[WHAT THIS TASK INVOLVES]
Look below for the line containing "line L27 (11.25, -18.18) -> (13, -18.18)"; from there through the line containing "spline S0 degree", both lines included, please set down each line exactly and nothing else.

[DATA EXCERPTS]
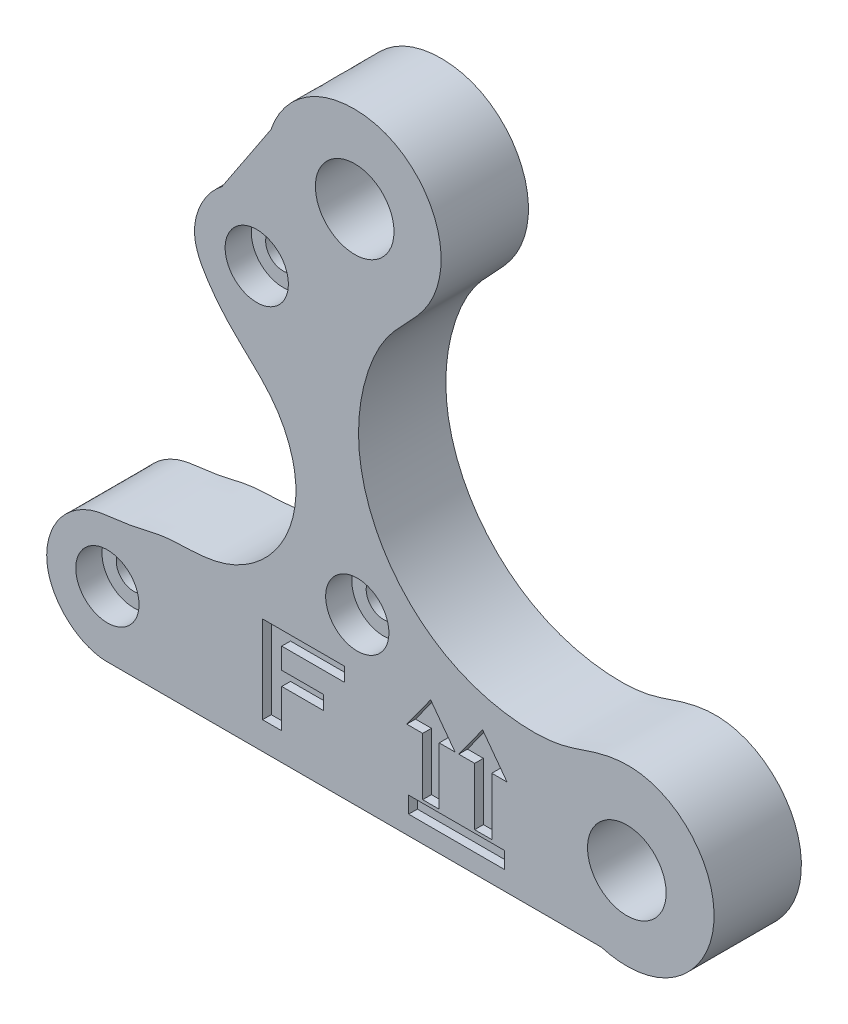
SolidWorks part; units mm, degrees
ref_plane "Piano frontale" through (0, 0, 0) normal (0, 0, 1) x (1, 0, 0)
ref_plane "Piano superiore" through (0, 0, 0) normal (0, 1, 0) x (1, 0, 0)
ref_plane "Piano destro" through (0, 0, 0) normal (1, 0, 0) x (0, 0, -1)
sketch "Model" plane through (0, 0, 0) normal (0, 0, 1) x (1, 0, 0)
  line L0 (23.8221, -29.1574) -> (-32.3603, -29.1521)
  line L1 (-14.0392, 33.0001) -> (-19.6464, 24.5403)
  line L3 (-12.8, -26) -> (-12.8, -21.6)
  line L4 (-12.8, -21.6) -> (-8, -21.6)
  line L5 (-8, -21.6) -> (-8, -20)
  line L6 (-8, -20) -> (-12.8, -20)
  line L7 (-12.8, -20) -> (-12.8, -17.6)
  line L8 (-12.8, -17.6) -> (-5.6, -17.6)
  line L9 (-5.6, -17.6) -> (-5.6, -16)
  line L10 (-5.6, -16) -> (-15, -16)
  line L11 (-15, -16) -> (-15, -26)
  line L12 (-15, -26) -> (-12.8, -26)
  line L13 (12.72, -27) -> (12.72, -25.11)
  line L14 (12.72, -25.11) -> (1.73, -25.11)
  line L15 (1.73, -25.11) -> (1.73, -27)
  line L16 (1.73, -27) -> (12.72, -27)
  line L17 (3.34, -18.18) -> (3.34, -24.76)
  line L18 (3.34, -24.76) -> (5.23, -24.76)
  line L19 (5.23, -24.76) -> (5.23, -18.18)
  line L20 (5.23, -18.18) -> (7.05, -18.18)
  line L21 (7.05, -18.18) -> (4.25, -14.4)
  line L22 (4.25, -14.4) -> (1.52, -18.18)
  line L23 (1.52, -18.18) -> (3.34, -18.18)
  line L24 (9.29, -18.18) -> (9.29, -24.76)
  line L25 (9.29, -24.76) -> (11.25, -24.76)
  line L26 (11.25, -24.76) -> (11.25, -18.18)
  line L27 (11.25, -18.18) -> (13, -18.18)
  line L28 (13, -18.18) -> (10.2, -14.4)
  line L29 (10.2, -14.4) -> (7.47, -18.18)
  line L30 (7.47, -18.18) -> (9.29, -18.18)
  circle A0 centre (-32.7642, -21.6566) radius 3.6222
  circle A1 centre (-32.7642, -21.6566) radius 1.9821
  circle A2 centre (26.7171, -20.0798) radius 4.5
  circle A3 centre (-4.4467, 29.913) radius 4.5
  circle A4 centre (-15.6609, 18.6648) radius 3.6222
  circle A5 centre (-15.6609, 18.6648) radius 1.9821
  circle A6 centre (-4.1483, -10.151) radius 3.6222
  circle A7 centre (-4.1483, -10.151) radius 1.9821
  spline S0 degree 3 poles (-19.6464, 24.5403) (-21.5648, 23.1052) (-23.8417, 18.9539) (-21.3029, 14.2555) (-18.1288, 10.3119) (-12.9958, 6.3772) (-10.3068, -1.2868) (-12.8421, -8.9196) (-18.2384, -12.7937) (-22.977, -13.3585) (-26.6542, -13.3543) (-30.4787, -14.5452) (-35.1156, -14.6512) (-39.1442, -17.9497) (-40.6651, -25.0635) (-35.8383, -29.356) (-32.3603, -29.1521) knots 0 0 0 0 0.094014 0.141298 0.188882 0.283264 0.37644 0.46967 0.562856 0.604372 0.645683 0.698737 0.75199 0.814118 0.875937 1 1 1 1
  spline S1 degree 3 poles (-14.0392, 33.0001) (-13.1907, 35.5668) (-9.4285, 39.8905) (-1.2405, 40.2272) (4.2244, 35.8491) (6.1018, 29.7859) (4.0886, 23.7048) (-0.7146, 19.8469) (-3.7543, 13.3186) (-4.532, 5.0907) (-1.0834, -3.596) (5.8331, -9.8721) (13.3226, -11.9079) (19.432, -11.6223) (23.6177, -9.821) (28.2387, -9.3172) (33.0546, -11.2521) (36.644, -15.836) (37.0826, -22.8303) (32.1096, -29.337) (26.4098, -29.9352) (23.8221, -29.1574) knots 0 0 0 0 0.062813 0.124346 0.171053 0.21776 0.264487 0.311759 0.359006 0.429474 0.499931 0.570387 0.640844 0.676292 0.711745 0.747019 0.782283 0.828982 0.875682 0.937205 1 1 1 1
extrude "Main body" add sketch "Model" against normal blind 10 contours S0 L0 S1 L1 | A5 | A3 | A2 | A7 | A1
extrude "Symbols" cut sketch "Model<5>" against normal blind 1 contours L11 L12 L3 L4 L5 L6 L7 L8 L9 L10 | L22 L23 L17 L18 L19 L20 L21 | L15 L16 L13 L14 | L29 L30 L24 L25 L26 L27 L28 region at (-13.9, -25.8628, 0) region at (7.225, -26.055, 0) region at (4.2797, -19.3923, 0) region at (10.2491, -19.4332, 0)
sketch "Model<5>" plane through (0, 0, 0) normal (0, 0, 1) x (1, 0, 0) same geometry as "Model"
extrude "Recess holes" cut sketch "Model<6>" against normal blind 3 contours A4 A5 | A0 A1 | A6 A7 region at (-36.2839, -21.6566, 0) region at (-19.1807, 18.6648, 0) region at (-7.668, -10.151, 0)
sketch "Model<6>" plane through (0, 0, 0) normal (0, 0, 1) x (1, 0, 0) same geometry as "Model"
ref_axis "Rod1 axis" through (-4.4467, 29.913, -10) along (0, 0, 1)
ref_axis "Rod2 axis" through (26.7171, -20.0798, -10) along (0, 0, 1)
ref_axis "Motor screw 1" through (-32.7642, -21.6566, -10) along (0, 0, 1)
ref_axis "Motor screw 2" through (-4.1483, -10.151, -10) along (0, 0, 1)
ref_axis "Motor screw 3" through (-15.6609, 18.6648, -10) along (0, 0, 1)

[OUTPUT OF THE TASK]
  line L27 (11.25, -18.18) -> (13, -18.18)
  line L28 (13, -18.18) -> (10.2, -14.4)
  line L29 (10.2, -14.4) -> (7.47, -18.18)
  line L30 (7.47, -18.18) -> (9.29, -18.18)
  circle A0 centre (-32.7642, -21.6566) radius 3.6222
  circle A1 centre (-32.7642, -21.6566) radius 1.9821
  circle A2 centre (26.7171, -20.0798) radius 4.5
  circle A3 centre (-4.4467, 29.913) radius 4.5
  circle A4 centre (-15.6609, 18.6648) radius 3.6222
  circle A5 centre (-15.6609, 18.6648) radius 1.9821
  circle A6 centre (-4.1483, -10.151) radius 3.6222
  circle A7 centre (-4.1483, -10.151) radius 1.9821
  spline S0 degree 3 poles (-19.6464, 24.5403) (-21.5648, 23.1052) (-23.8417, 18.9539) (-21.3029, 14.2555) (-18.1288, 10.3119) (-12.9958, 6.3772) (-10.3068, -1.2868) (-12.8421, -8.9196) (-18.2384, -12.7937) (-22.977, -13.3585) (-26.6542, -13.3543) (-30.4787, -14.5452) (-35.1156, -14.6512) (-39.1442, -17.9497) (-40.6651, -25.0635) (-35.8383, -29.356) (-32.3603, -29.1521) knots 0 0 0 0 0.094014 0.141298 0.188882 0.283264 0.37644 0.46967 0.562856 0.604372 0.645683 0.698737 0.75199 0.814118 0.875937 1 1 1 1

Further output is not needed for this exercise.